Common side effects of the Measles Mumps and Rubella Vaccine, Live include:

  • headache,
  • dizziness,
  • nausea,
  • vomiting,
  • diarrhea,
  • runny nose,
  • sore throat,
  • not feeling well,
  • muscle pain,
  • joint pain or stiffness, and
  • feeling irritable (fussiness in a young child).

Serious side effects of the Measles Mumps and Rubella Vaccine, Live include:

  • red, tender bumps under your skin,
  • lightheadedness,
  • high fever (within a few hours or a few days after the vaccine),
  • easy bruising or bleeding,
  • new or worsening cough,
  • trouble breathing,
  • problems with balance or muscle movement,
  • convulsions (seizure),
  • numbness,
  • pain,
  • tingling,
  • weakness,
  • burning or prickly feeling,
  • vision problems,
  • hearing problems, and
  • trouble breathing

Rare side effects of the Measles Mumps and Rubella Vaccine, Live include:

  • none

This is not a complete list of side effects and other serious side effects or health problems that may occur due to the use of this drug. Call your doctor for medical advice about serious side effects or adverse reactions. You may report side effects or health problems to FDA at 1-800-FDA-1088.

What Other Drugs Interact with Measles Mumps and Rubella Vaccine, Live?

If your medical doctor is using this medicine to treat your pain, your doctor or pharmacist may already be aware of any possible drug interactions and may be monitoring you for them. Do not start, stop, or change the dosage of any medicine before checking with your doctor, health care provider, or pharmacist first.

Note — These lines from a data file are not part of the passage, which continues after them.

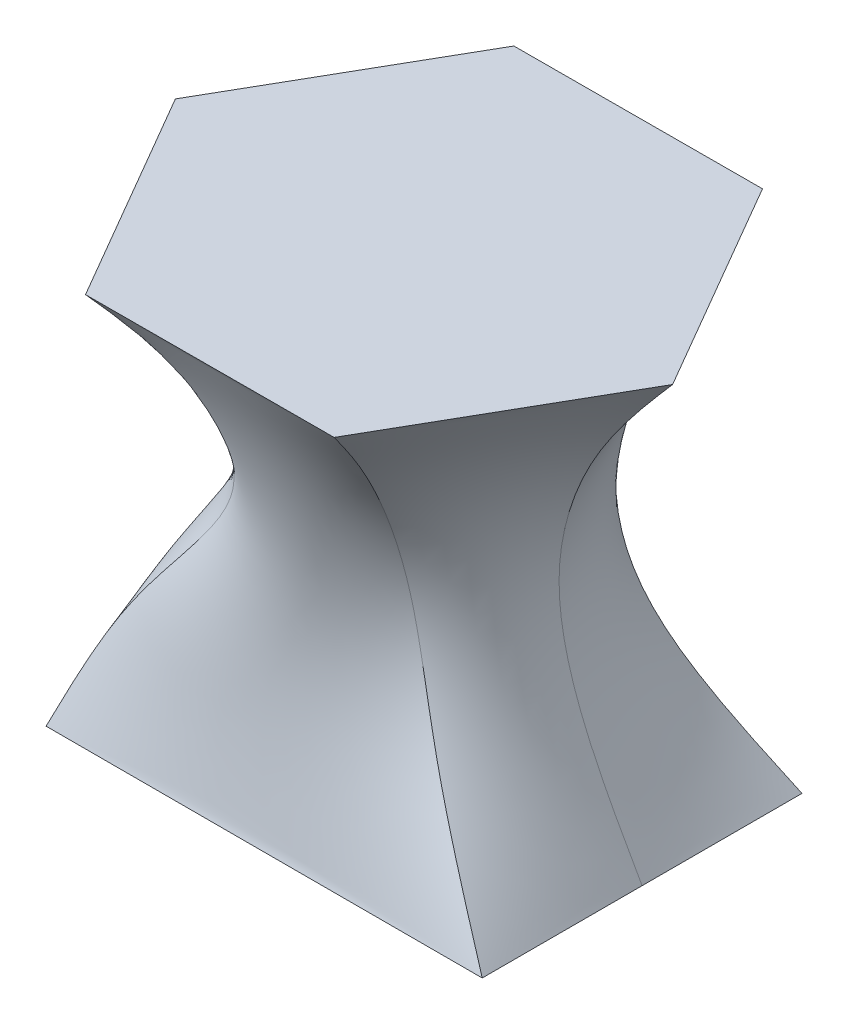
ISO-10303-21;
HEADER;
FILE_DESCRIPTION(('STEP AP214'),'2;1');
FILE_NAME('part.step','',(''),(''),'','','');
FILE_SCHEMA(('AUTOMOTIVE_DESIGN { 1 0 10303 214 1 1 1 1 }'));
ENDSEC;
DATA;
#1=APPLICATION_CONTEXT('core data for automotive mechanical design processes');
#2=APPLICATION_PROTOCOL_DEFINITION('international standard','automotive_design',2000,#1);
#3=PRODUCT_CONTEXT('',#1,'mechanical');
#4=PRODUCT('Part','Part','',(#3));
#5=PRODUCT_RELATED_PRODUCT_CATEGORY('part','',(#4));
#6=PRODUCT_DEFINITION_FORMATION('','',#4);
#7=PRODUCT_DEFINITION_CONTEXT('part definition',#1,'design');
#8=PRODUCT_DEFINITION('design','',#6,#7);
#9=PRODUCT_DEFINITION_SHAPE('','',#8);
#10=(LENGTH_UNIT() NAMED_UNIT(*) SI_UNIT(.MILLI.,.METRE.));
#11=(NAMED_UNIT(*) PLANE_ANGLE_UNIT() SI_UNIT($,.RADIAN.));
#12=(NAMED_UNIT(*) SI_UNIT($,.STERADIAN.) SOLID_ANGLE_UNIT());
#13=UNCERTAINTY_MEASURE_WITH_UNIT(LENGTH_MEASURE(1.E-05),#10,'distance_accuracy_value','');
#14=(GEOMETRIC_REPRESENTATION_CONTEXT(3) GLOBAL_UNCERTAINTY_ASSIGNED_CONTEXT((#13)) GLOBAL_UNIT_ASSIGNED_CONTEXT((#10,
#11,#12)) REPRESENTATION_CONTEXT('',''));
#15=CARTESIAN_POINT('',(0.,0.,0.));
#16=DIRECTION('',(0.,0.,1.));
#17=DIRECTION('',(1.,0.,0.));
#18=AXIS2_PLACEMENT_3D('',#15,#16,#17);
#19=CARTESIAN_POINT('',(-20.631946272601,75.,35.950246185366));
#20=DIRECTION('',(0.,1.,0.));
#21=DIRECTION('',(0.,0.,1.));
#22=AXIS2_PLACEMENT_3D('',#19,#20,#21);
#23=PLANE('',#22);
#24=DIRECTION('',(0.502240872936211,0.,0.864727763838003));
#25=VECTOR('',#24,1.);
#26=CARTESIAN_POINT('',(-41.4497996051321,75.,0.107333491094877));
#27=LINE('',#26,#25);
#28=CARTESIAN_POINT('',(-41.4497996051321,75.,0.107333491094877));
#29=VERTEX_POINT('',#28);
#30=CARTESIAN_POINT('',(-20.631946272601,75.,35.950246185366));
#31=VERTEX_POINT('',#30);
#32=EDGE_CURVE('E130',#29,#31,#27,.T.);
#33=ORIENTED_EDGE('',*,*,#32,.T.);
#34=DIRECTION('',(0.999996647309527,0.,-0.00258947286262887));
#35=VECTOR('',#34,1.);
#36=CARTESIAN_POINT('',(-20.631946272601,75.,35.950246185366));
#37=LINE('',#36,#35);
#38=CARTESIAN_POINT('',(20.8178533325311,75.,35.8429126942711));
#39=VERTEX_POINT('',#38);
#40=EDGE_CURVE('E150',#31,#39,#37,.T.);
#41=ORIENTED_EDGE('',*,*,#40,.T.);
#42=DIRECTION('',(0.497755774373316,0.,-0.867317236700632));
#43=VECTOR('',#42,1.);
#44=CARTESIAN_POINT('',(20.8178533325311,75.,35.8429126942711));
#45=LINE('',#44,#43);
#46=CARTESIAN_POINT('',(41.4497996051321,75.,-0.10733349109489));
#47=VERTEX_POINT('',#46);
#48=EDGE_CURVE('E385',#39,#47,#45,.T.);
#49=ORIENTED_EDGE('',*,*,#48,.T.);
#50=DIRECTION('',(-0.502240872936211,0.,-0.864727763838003));
#51=VECTOR('',#50,1.);
#52=CARTESIAN_POINT('',(41.4497996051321,75.,-0.10733349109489));
#53=LINE('',#52,#51);
#54=CARTESIAN_POINT('',(20.631946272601,75.,-35.950246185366));
#55=VERTEX_POINT('',#54);
#56=EDGE_CURVE('E351',#47,#55,#53,.T.);
#57=ORIENTED_EDGE('',*,*,#56,.T.);
#58=DIRECTION('',(-0.999996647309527,0.,0.0025894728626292));
#59=VECTOR('',#58,1.);
#60=CARTESIAN_POINT('',(20.631946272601,75.,-35.950246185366));
#61=LINE('',#60,#59);
#62=CARTESIAN_POINT('',(-20.8178533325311,75.,-35.8429126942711));
#63=VERTEX_POINT('',#62);
#64=EDGE_CURVE('E132',#55,#63,#61,.T.);
#65=ORIENTED_EDGE('',*,*,#64,.T.);
#66=DIRECTION('',(-0.497755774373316,0.,0.867317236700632));
#67=VECTOR('',#66,1.);
#68=CARTESIAN_POINT('',(-20.8178533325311,75.,-35.8429126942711));
#69=LINE('',#68,#67);
#70=EDGE_CURVE('E126',#63,#29,#69,.T.);
#71=ORIENTED_EDGE('',*,*,#70,.T.);
#72=EDGE_LOOP('',(#33,#41,#49,#57,#65,#71));
#73=FACE_BOUND('',#72,.T.);
#74=ADVANCED_FACE('F71',(#73),#23,.T.);
#75=CARTESIAN_POINT('',(-36.4556820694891,0.,-26.7203578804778));
#76=DIRECTION('',(0.,-1.,0.));
#77=DIRECTION('',(0.,0.,-1.));
#78=AXIS2_PLACEMENT_3D('',#75,#76,#77);
#79=PLANE('',#78);
#80=DIRECTION('',(0.,0.,1.));
#81=VECTOR('',#80,1.);
#82=CARTESIAN_POINT('',(-36.4556820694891,0.,26.7203578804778));
#83=LINE('',#82,#81);
#84=CARTESIAN_POINT('',(-36.4556820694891,0.,-26.7203578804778));
#85=VERTEX_POINT('',#84);
#86=CARTESIAN_POINT('',(-36.4556820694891,0.,0.));
#87=VERTEX_POINT('',#86);
#88=EDGE_CURVE('E156',#85,#87,#83,.T.);
#89=ORIENTED_EDGE('',*,*,#88,.F.);
#90=DIRECTION('',(-1.,0.,0.));
#91=VECTOR('',#90,1.);
#92=CARTESIAN_POINT('',(-36.4556820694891,0.,-26.7203578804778));
#93=LINE('',#92,#91);
#94=CARTESIAN_POINT('',(36.455682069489,0.,-26.7203578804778));
#95=VERTEX_POINT('',#94);
#96=EDGE_CURVE('E283',#95,#85,#93,.T.);
#97=ORIENTED_EDGE('',*,*,#96,.F.);
#98=DIRECTION('',(0.,0.,-1.));
#99=VECTOR('',#98,1.);
#100=CARTESIAN_POINT('',(36.455682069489,0.,26.7203578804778));
#101=LINE('',#100,#99);
#102=CARTESIAN_POINT('',(36.455682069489,0.,0.));
#103=VERTEX_POINT('',#102);
#104=EDGE_CURVE('E370',#103,#95,#101,.T.);
#105=ORIENTED_EDGE('',*,*,#104,.F.);
#106=CARTESIAN_POINT('',(36.455682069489,0.,26.7203578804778));
#107=VERTEX_POINT('',#106);
#108=EDGE_CURVE('E82',#107,#103,#101,.T.);
#109=ORIENTED_EDGE('',*,*,#108,.F.);
#110=DIRECTION('',(1.,0.,0.));
#111=VECTOR('',#110,1.);
#112=CARTESIAN_POINT('',(-36.4556820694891,0.,26.7203578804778));
#113=LINE('',#112,#111);
#114=CARTESIAN_POINT('',(-36.4556820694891,0.,26.7203578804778));
#115=VERTEX_POINT('',#114);
#116=EDGE_CURVE('E13',#115,#107,#113,.T.);
#117=ORIENTED_EDGE('',*,*,#116,.F.);
#118=EDGE_CURVE('E158',#87,#115,#83,.T.);
#119=ORIENTED_EDGE('',*,*,#118,.F.);
#120=EDGE_LOOP('',(#89,#97,#105,#109,#117,#119));
#121=FACE_BOUND('',#120,.T.);
#122=ADVANCED_FACE('F188',(#121),#79,.T.);
#123=CARTESIAN_POINT('',(-36.4556820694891,0.,-26.7203578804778));
#124=CARTESIAN_POINT('',(-34.507799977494,6.04897918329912,-24.291469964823));
#125=CARTESIAN_POINT('',(-32.290578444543,12.9639564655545,-21.5155950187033));
#126=CARTESIAN_POINT('',(-24.2824852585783,25.8944417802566,-17.4862828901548));
#127=CARTESIAN_POINT('',(-17.5366131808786,32.931496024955,-16.2702262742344));
#128=CARTESIAN_POINT('',(-14.8094991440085,40.1748715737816,-17.1580014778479));
#129=CARTESIAN_POINT('',(-13.2899705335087,45.0408187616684,-17.9169780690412));
#130=CARTESIAN_POINT('',(-13.5108838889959,53.1295290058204,-20.5751744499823));
#131=CARTESIAN_POINT('',(-16.8959987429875,64.759420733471,-27.1338146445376));
#132=CARTESIAN_POINT('',(-19.3504307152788,71.1622835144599,-32.5770001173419));
#133=CARTESIAN_POINT('',(-20.8178533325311,75.,-35.8429126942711));
#134=CARTESIAN_POINT('',(-36.4556820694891,0.,-24.493661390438));
#135=CARTESIAN_POINT('',(-34.7740431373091,6.06327115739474,-22.3472097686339));
#136=CARTESIAN_POINT('',(-32.8613807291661,12.9946379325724,-19.8941190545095));
#137=CARTESIAN_POINT('',(-25.2691547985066,25.9252450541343,-16.3437915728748));
#138=CARTESIAN_POINT('',(-18.6416267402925,32.941846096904,-15.2831575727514));
#139=CARTESIAN_POINT('',(-16.0348275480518,40.1745915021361,-16.0952462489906));
#140=CARTESIAN_POINT('',(-14.5956931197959,45.0342045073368,-16.7854821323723));
#141=CARTESIAN_POINT('',(-14.9506102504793,53.1200875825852,-19.1757526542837));
#142=CARTESIAN_POINT('',(-18.5107629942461,64.7676889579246,-25.0526083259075));
#143=CARTESIAN_POINT('',(-21.0306564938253,71.1654271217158,-29.9241390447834));
#144=CARTESIAN_POINT('',(-22.5371821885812,75.,-32.8470588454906));
#145=CARTESIAN_POINT('',(-36.4556820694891,0.,-20.0402684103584));
#146=CARTESIAN_POINT('',(-35.2570538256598,6.09185510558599,-18.4017222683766));
#147=CARTESIAN_POINT('',(-33.8969660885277,13.0560008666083,-16.529094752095));
#148=CARTESIAN_POINT('',(-27.0477336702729,25.9868516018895,-13.8345586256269));
#149=CARTESIAN_POINT('',(-20.6231811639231,32.962546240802,-13.0459527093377));
#150=CARTESIAN_POINT('',(-18.2575338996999,40.1740313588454,-13.7072696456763));
#151=CARTESIAN_POINT('',(-16.9822082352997,45.0209759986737,-14.263501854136));
#152=CARTESIAN_POINT('',(-17.6330385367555,53.1012047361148,-16.1500516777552));
#153=CARTESIAN_POINT('',(-21.6253474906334,64.7842254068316,-20.7578471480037));
#154=CARTESIAN_POINT('',(-24.3480040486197,71.1717143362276,-24.568786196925));
#155=CARTESIAN_POINT('',(-25.9758399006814,75.,-26.8553511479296));
#156=CARTESIAN_POINT('',(-36.4556820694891,0.,-13.3601789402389));
#157=CARTESIAN_POINT('',(-35.8001499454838,6.1347310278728,-12.3478797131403));
#158=CARTESIAN_POINT('',(-35.0615871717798,13.1480452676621,-11.1909626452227));
#159=CARTESIAN_POINT('',(-29.0014447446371,26.0792614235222,-9.53687698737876));
#160=CARTESIAN_POINT('',(-22.7577368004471,32.9935964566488,-9.06390822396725));
#161=CARTESIAN_POINT('',(-20.7557324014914,40.1731911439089,-9.50049899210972));
#162=CARTESIAN_POINT('',(-19.737195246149,45.0011332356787,-9.8640045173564));
#163=CARTESIAN_POINT('',(-20.9342211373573,53.072880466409,-11.0714618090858));
#164=CARTESIAN_POINT('',(-25.8757413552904,64.8090300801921,-14.0006471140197));
#165=CARTESIAN_POINT('',(-29.1659693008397,71.1811451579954,-16.4176100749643));
#166=CARTESIAN_POINT('',(-31.1338264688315,75.0000000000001,-17.8677896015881));
#167=CARTESIAN_POINT('',(-36.4556820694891,0.,-6.68008947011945));
#168=CARTESIAN_POINT('',(-36.1372599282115,6.17760695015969,-6.20009268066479));
#169=CARTESIAN_POINT('',(-35.7848093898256,13.240089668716,-5.65152094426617));
#170=CARTESIAN_POINT('',(-30.1442939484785,26.1716712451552,-4.86938408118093));
#171=CARTESIAN_POINT('',(-23.9410724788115,33.0246466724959,-4.64803909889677));
#172=CARTESIAN_POINT('',(-22.3048852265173,40.1723509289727,-4.86089532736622));
#173=CARTESIAN_POINT('',(-21.5557116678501,44.981290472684,-5.03740931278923));
#174=CARTESIAN_POINT('',(-23.4151150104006,53.0445561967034,-5.61876134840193));
#175=CARTESIAN_POINT('',(-29.6475789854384,64.8338347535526,-7.02519105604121));
#176=CARTESIAN_POINT('',(-33.8044759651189,71.190575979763,-8.18458794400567));
#177=CARTESIAN_POINT('',(-36.2918130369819,75.,-8.88022805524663));
#178=CARTESIAN_POINT('',(-36.4556820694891,0.,-2.22669649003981));
#179=CARTESIAN_POINT('',(-36.2144386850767,6.20619089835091,-2.06951666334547));
#180=CARTESIAN_POINT('',(-35.9507548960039,13.3014526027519,-1.88987839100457));
#181=CARTESIAN_POINT('',(-30.3253204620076,26.2332777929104,-1.63155248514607));
#182=CARTESIAN_POINT('',(-24.0485423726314,33.0453468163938,-1.55611704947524));
#183=CARTESIAN_POINT('',(-22.657790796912,40.1717907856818,-1.62015523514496));
#184=CARTESIAN_POINT('',(-22.097201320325,44.9680619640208,-1.67396487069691));
#185=CARTESIAN_POINT('',(-24.4814182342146,53.025673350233,-1.85599123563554));
#186=CARTESIAN_POINT('',(-31.819316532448,64.8503712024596,-2.3004239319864));
#187=CARTESIAN_POINT('',(-36.7682559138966,71.1968631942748,-2.66798286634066));
#188=CARTESIAN_POINT('',(-39.730470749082,75.,-2.88852035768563));
#189=CARTESIAN_POINT('',(-36.4556820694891,0.,0.));
#190=CARTESIAN_POINT('',(-36.215301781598,6.22048287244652,-0.00422409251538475));
#191=CARTESIAN_POINT('',(-35.9528856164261,13.3321340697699,-0.00904733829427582));
#192=CARTESIAN_POINT('',(-30.2673246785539,26.264081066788,-0.0126187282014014));
#193=CARTESIAN_POINT('',(-23.9280617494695,33.0556968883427,-0.0101349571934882));
#194=CARTESIAN_POINT('',(-22.6604262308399,40.1715107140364,0.000235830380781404));
#195=CARTESIAN_POINT('',(-22.1964319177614,44.9614477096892,0.00777809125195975));
#196=CARTESIAN_POINT('',(-24.8643342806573,53.0162319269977,0.0254119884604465));
#197=CARTESIAN_POINT('',(-32.8175379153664,64.8586394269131,0.0619702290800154));
#198=CARTESIAN_POINT('',(-38.2172781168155,71.2000068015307,0.0903236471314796));
#199=CARTESIAN_POINT('',(-41.4497996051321,75.,0.107333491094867));
#200=B_SPLINE_SURFACE_WITH_KNOTS('',3,3,((#123,#124,#125,#126,#127,#128,#129,#130,#131,#132,
#133),(#134,#135,#136,#137,#138,#139,#140,#141,#142,#143,#144),(#145,#146,#147,#148,#149,#150,
#151,#152,#153,#154,#155),(#156,#157,#158,#159,#160,#161,#162,#163,#164,#165,#166),(#167,#168,
#169,#170,#171,#172,#173,#174,#175,#176,#177),(#178,#179,#180,#181,#182,#183,#184,#185,#186,
#187,#188),(#189,#190,#191,#192,#193,#194,#195,#196,#197,#198,#199)),.UNSPECIFIED.,.F.,.F.,.F.,
(4,1,1,1,4),(4,1,1,1,1,1,1,1,4),(0.727595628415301,0.795696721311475,0.86379781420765,
0.931898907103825,1.),(0.,0.21875,0.25,0.5,0.512214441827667,0.53125,0.6875,0.8125,1.),.UNSPECIFIED.);
#201=CARTESIAN_POINT('',(-36.4556820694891,0.,0.));
#202=CARTESIAN_POINT('',(-36.215301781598,6.22048287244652,-0.00422409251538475));
#203=CARTESIAN_POINT('',(-35.9528856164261,13.3321340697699,-0.00904733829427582));
#204=CARTESIAN_POINT('',(-30.2673246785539,26.264081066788,-0.0126187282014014));
#205=CARTESIAN_POINT('',(-23.9280617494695,33.0556968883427,-0.0101349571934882));
#206=CARTESIAN_POINT('',(-22.6604262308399,40.1715107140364,0.000235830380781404));
#207=CARTESIAN_POINT('',(-22.1964319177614,44.9614477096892,0.00777809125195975));
#208=CARTESIAN_POINT('',(-24.8643342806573,53.0162319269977,0.0254119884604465));
#209=CARTESIAN_POINT('',(-32.8175379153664,64.8586394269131,0.0619702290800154));
#210=CARTESIAN_POINT('',(-38.2172781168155,71.2000068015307,0.0903236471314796));
#211=CARTESIAN_POINT('',(-41.4497996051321,75.,0.107333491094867));
#212=B_SPLINE_CURVE_WITH_KNOTS('',3,(#201,#202,#203,#204,#205,#206,#207,#208,#209,#210,#211),
.UNSPECIFIED.,.F.,.F.,(4,1,1,1,1,1,1,1,4),(0.,0.21875,0.25,0.5,0.512214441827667,0.53125,0.6875,
0.8125,1.),.UNSPECIFIED.);
#213=EDGE_CURVE('E147',#87,#29,#212,.T.);
#214=CARTESIAN_POINT('',(-36.4556820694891,0.,-26.7203578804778));
#215=CARTESIAN_POINT('',(-34.507799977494,6.04897918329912,-24.291469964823));
#216=CARTESIAN_POINT('',(-32.290578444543,12.9639564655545,-21.5155950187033));
#217=CARTESIAN_POINT('',(-24.2824852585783,25.8944417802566,-17.4862828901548));
#218=CARTESIAN_POINT('',(-17.5366131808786,32.931496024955,-16.2702262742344));
#219=CARTESIAN_POINT('',(-14.8094991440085,40.1748715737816,-17.1580014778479));
#220=CARTESIAN_POINT('',(-13.2899705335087,45.0408187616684,-17.9169780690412));
#221=CARTESIAN_POINT('',(-13.5108838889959,53.1295290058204,-20.5751744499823));
#222=CARTESIAN_POINT('',(-16.8959987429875,64.759420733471,-27.1338146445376));
#223=CARTESIAN_POINT('',(-19.3504307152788,71.1622835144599,-32.5770001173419));
#224=CARTESIAN_POINT('',(-20.8178533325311,75.,-35.8429126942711));
#225=B_SPLINE_CURVE_WITH_KNOTS('',3,(#214,#215,#216,#217,#218,#219,#220,#221,#222,#223,#224),
.UNSPECIFIED.,.F.,.F.,(4,1,1,1,1,1,1,1,4),(0.,0.21875,0.25,0.5,0.512214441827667,0.53125,0.6875,
0.8125,1.),.UNSPECIFIED.);
#226=EDGE_CURVE('E120',#85,#63,#225,.T.);
#227=ORIENTED_EDGE('',*,*,#88,.T.);
#228=ORIENTED_EDGE('',*,*,#213,.T.);
#229=ORIENTED_EDGE('',*,*,#70,.F.);
#230=ORIENTED_EDGE('',*,*,#226,.F.);
#231=EDGE_LOOP('',(#227,#228,#229,#230));
#232=FACE_BOUND('',#231,.T.);
#233=ADVANCED_FACE('F154',(#232),#200,.T.);
#234=CARTESIAN_POINT('',(36.455682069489,0.,-26.7203578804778));
#235=CARTESIAN_POINT('',(31.5784609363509,5.76239428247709,-24.2873084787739));
#236=CARTESIAN_POINT('',(26.0012037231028,12.3487268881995,-21.5066796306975));
#237=CARTESIAN_POINT('',(18.1649534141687,25.2767697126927,-17.4738240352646));
#238=CARTESIAN_POINT('',(15.8214730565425,32.7239547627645,-16.2601755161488));
#239=CARTESIAN_POINT('',(14.8571338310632,40.1804876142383,-17.1582355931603));
#240=CARTESIAN_POINT('',(14.3166895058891,45.1734488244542,-17.9246982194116));
#241=CARTESIAN_POINT('',(14.3317059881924,53.318849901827,-20.6004379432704));
#242=CARTESIAN_POINT('',(16.3571643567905,64.5936250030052,-27.1956451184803));
#243=CARTESIAN_POINT('',(19.0278088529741,71.0992474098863,-32.6672709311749));
#244=CARTESIAN_POINT('',(20.631946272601,75.,-35.950246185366));
#245=CARTESIAN_POINT('',(30.3797350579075,0.,-26.7203578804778));
#246=CARTESIAN_POINT('',(26.1663310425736,5.78627635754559,-24.6726982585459));
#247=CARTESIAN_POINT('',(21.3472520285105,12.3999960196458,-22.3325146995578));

This information does not contain all possible interactions or adverse effects. Visit the RxList Drug Interaction Checker for any drug interactions. Therefore, before using this product, tell your doctor or pharmacist about all the products you use. Keep a list of all your medications with you and share this information with your doctor and pharmacist. Check with your health care professional or doctor for additional medical advice, or if you have health questions or concerns.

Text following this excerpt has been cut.